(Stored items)

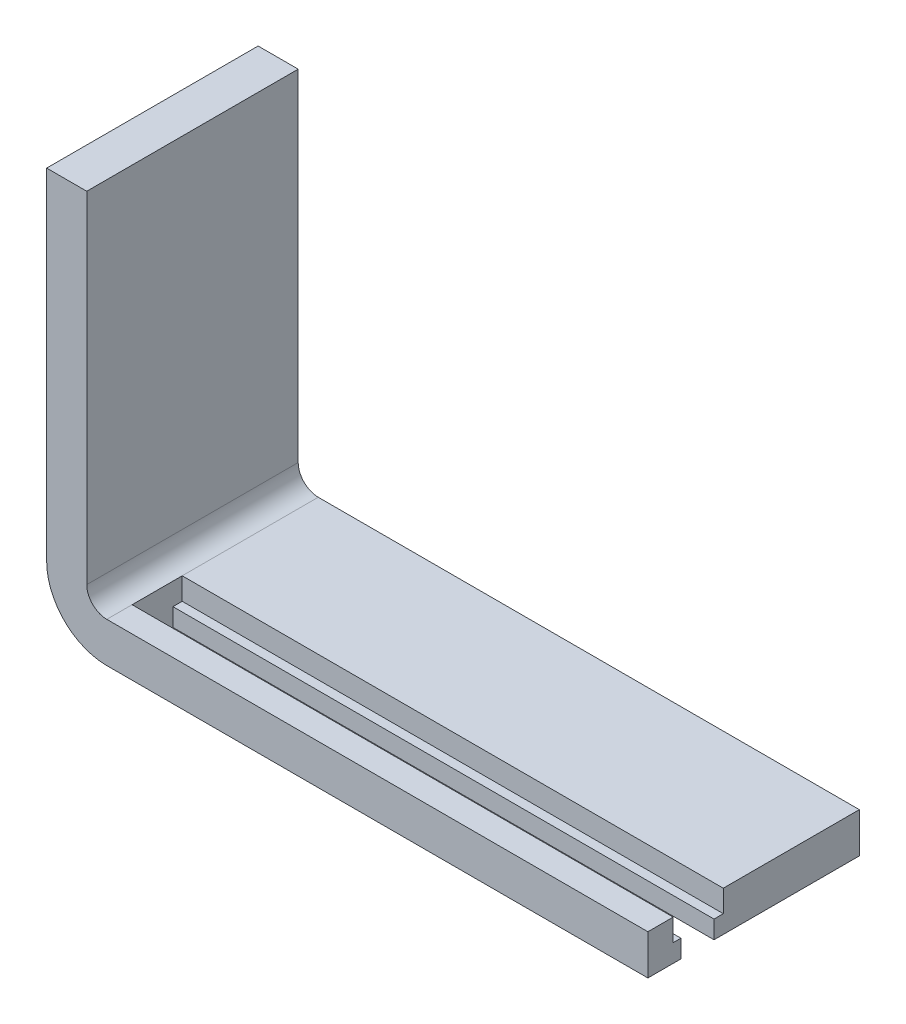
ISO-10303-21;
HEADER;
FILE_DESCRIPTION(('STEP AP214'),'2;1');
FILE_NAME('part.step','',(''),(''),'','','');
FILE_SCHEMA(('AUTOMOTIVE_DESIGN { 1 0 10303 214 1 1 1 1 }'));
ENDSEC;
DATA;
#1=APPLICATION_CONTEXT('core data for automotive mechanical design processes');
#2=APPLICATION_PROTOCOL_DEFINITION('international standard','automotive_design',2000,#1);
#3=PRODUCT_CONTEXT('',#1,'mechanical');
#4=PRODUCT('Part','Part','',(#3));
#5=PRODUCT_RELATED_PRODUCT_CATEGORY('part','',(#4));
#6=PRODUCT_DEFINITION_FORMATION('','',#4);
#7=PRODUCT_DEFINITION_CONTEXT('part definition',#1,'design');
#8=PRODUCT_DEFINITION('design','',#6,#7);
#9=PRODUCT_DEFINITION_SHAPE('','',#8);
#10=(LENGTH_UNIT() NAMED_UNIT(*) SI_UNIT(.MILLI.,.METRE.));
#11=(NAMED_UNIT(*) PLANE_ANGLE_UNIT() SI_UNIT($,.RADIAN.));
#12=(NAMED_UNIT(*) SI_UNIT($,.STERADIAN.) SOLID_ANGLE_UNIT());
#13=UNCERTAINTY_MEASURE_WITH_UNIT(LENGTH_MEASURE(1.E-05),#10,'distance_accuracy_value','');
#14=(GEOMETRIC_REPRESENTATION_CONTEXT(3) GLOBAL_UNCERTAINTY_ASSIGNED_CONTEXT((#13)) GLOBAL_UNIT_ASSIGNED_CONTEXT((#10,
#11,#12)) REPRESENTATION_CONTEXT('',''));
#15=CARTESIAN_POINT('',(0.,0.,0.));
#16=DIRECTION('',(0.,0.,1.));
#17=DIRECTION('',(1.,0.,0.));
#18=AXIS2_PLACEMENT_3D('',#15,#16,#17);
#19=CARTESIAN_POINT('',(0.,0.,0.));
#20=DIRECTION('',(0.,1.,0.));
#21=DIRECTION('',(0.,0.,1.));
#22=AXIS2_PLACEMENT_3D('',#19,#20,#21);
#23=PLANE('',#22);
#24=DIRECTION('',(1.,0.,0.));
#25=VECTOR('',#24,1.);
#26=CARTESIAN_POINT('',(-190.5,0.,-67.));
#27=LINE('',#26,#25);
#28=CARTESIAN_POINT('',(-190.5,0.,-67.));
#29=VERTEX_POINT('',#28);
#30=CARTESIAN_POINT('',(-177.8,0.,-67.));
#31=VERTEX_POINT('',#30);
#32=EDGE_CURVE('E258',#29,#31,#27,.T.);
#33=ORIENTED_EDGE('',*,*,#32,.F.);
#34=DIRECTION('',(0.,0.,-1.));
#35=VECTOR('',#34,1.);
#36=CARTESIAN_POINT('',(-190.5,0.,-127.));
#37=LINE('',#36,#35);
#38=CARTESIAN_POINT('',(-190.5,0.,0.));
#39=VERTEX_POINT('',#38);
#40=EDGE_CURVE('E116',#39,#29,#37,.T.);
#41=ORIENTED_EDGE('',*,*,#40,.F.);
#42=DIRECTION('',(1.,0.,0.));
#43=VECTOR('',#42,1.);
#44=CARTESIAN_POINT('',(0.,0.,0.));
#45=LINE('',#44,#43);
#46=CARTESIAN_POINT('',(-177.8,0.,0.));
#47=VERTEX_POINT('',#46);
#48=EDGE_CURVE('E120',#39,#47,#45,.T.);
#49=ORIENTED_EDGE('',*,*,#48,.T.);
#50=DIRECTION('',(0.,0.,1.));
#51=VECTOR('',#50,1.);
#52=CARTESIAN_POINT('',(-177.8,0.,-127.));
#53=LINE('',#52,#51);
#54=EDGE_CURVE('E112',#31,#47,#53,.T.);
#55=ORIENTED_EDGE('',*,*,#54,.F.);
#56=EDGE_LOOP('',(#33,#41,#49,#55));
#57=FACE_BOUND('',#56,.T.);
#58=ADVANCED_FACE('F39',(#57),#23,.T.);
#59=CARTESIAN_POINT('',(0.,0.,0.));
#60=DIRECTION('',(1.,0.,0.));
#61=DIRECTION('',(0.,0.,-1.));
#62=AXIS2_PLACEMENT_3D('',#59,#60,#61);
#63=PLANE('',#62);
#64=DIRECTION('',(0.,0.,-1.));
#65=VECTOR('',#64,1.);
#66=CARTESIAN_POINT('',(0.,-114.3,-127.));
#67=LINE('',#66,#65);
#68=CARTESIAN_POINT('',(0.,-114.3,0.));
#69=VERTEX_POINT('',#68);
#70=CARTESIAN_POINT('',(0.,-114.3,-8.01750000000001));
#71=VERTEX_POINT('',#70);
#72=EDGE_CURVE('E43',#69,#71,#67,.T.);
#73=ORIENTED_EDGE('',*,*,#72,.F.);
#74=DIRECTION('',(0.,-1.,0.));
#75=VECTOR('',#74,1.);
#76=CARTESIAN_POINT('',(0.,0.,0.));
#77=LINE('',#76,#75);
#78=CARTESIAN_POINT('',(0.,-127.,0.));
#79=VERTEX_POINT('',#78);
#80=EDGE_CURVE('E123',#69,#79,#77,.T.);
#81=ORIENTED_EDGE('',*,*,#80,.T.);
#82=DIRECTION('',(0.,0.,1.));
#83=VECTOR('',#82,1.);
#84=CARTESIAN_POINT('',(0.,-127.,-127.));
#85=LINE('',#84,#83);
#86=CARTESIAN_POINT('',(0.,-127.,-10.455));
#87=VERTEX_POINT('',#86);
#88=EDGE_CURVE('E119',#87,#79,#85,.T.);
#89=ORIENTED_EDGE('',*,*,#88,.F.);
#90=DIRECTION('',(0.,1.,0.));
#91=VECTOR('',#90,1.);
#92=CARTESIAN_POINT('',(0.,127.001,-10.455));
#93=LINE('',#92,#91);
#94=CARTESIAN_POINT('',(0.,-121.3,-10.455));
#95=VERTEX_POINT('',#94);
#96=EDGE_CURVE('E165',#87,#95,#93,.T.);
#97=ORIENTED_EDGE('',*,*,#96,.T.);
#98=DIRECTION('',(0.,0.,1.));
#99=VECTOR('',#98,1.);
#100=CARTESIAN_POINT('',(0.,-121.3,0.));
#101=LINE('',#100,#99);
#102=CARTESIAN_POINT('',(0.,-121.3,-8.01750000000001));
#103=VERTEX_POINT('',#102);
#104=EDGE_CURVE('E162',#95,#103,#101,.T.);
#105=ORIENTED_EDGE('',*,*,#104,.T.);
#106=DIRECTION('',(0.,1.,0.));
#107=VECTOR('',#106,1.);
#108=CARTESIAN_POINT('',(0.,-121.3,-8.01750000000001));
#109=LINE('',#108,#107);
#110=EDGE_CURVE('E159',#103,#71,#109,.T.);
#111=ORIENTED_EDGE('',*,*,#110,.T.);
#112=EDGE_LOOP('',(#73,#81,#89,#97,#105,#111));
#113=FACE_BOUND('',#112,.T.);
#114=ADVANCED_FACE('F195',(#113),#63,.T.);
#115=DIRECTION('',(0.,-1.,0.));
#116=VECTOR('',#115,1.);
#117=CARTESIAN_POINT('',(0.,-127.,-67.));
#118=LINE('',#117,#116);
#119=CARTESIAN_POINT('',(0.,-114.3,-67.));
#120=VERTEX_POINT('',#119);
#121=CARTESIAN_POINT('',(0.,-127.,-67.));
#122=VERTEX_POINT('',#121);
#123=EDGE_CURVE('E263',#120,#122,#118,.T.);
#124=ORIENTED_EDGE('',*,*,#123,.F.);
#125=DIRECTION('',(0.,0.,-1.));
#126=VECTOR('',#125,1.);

Prompt.
Set down precisely the lines above between the line holding "#11,#12)) REPRESENTATION_CONTEXT('',''));" and the line holding "#30=CARTESIAN_POINT('',(-177.8,0.,-67.));", inclusive, and nothing beyond them.

Answer section.
#11,#12)) REPRESENTATION_CONTEXT('',''));
#15=CARTESIAN_POINT('',(0.,0.,0.));
#16=DIRECTION('',(0.,0.,1.));
#17=DIRECTION('',(1.,0.,0.));
#18=AXIS2_PLACEMENT_3D('',#15,#16,#17);
#19=CARTESIAN_POINT('',(0.,0.,0.));
#20=DIRECTION('',(0.,1.,0.));
#21=DIRECTION('',(0.,0.,1.));
#22=AXIS2_PLACEMENT_3D('',#19,#20,#21);
#23=PLANE('',#22);
#24=DIRECTION('',(1.,0.,0.));
#25=VECTOR('',#24,1.);
#26=CARTESIAN_POINT('',(-190.5,0.,-67.));
#27=LINE('',#26,#25);
#28=CARTESIAN_POINT('',(-190.5,0.,-67.));
#29=VERTEX_POINT('',#28);
#30=CARTESIAN_POINT('',(-177.8,0.,-67.));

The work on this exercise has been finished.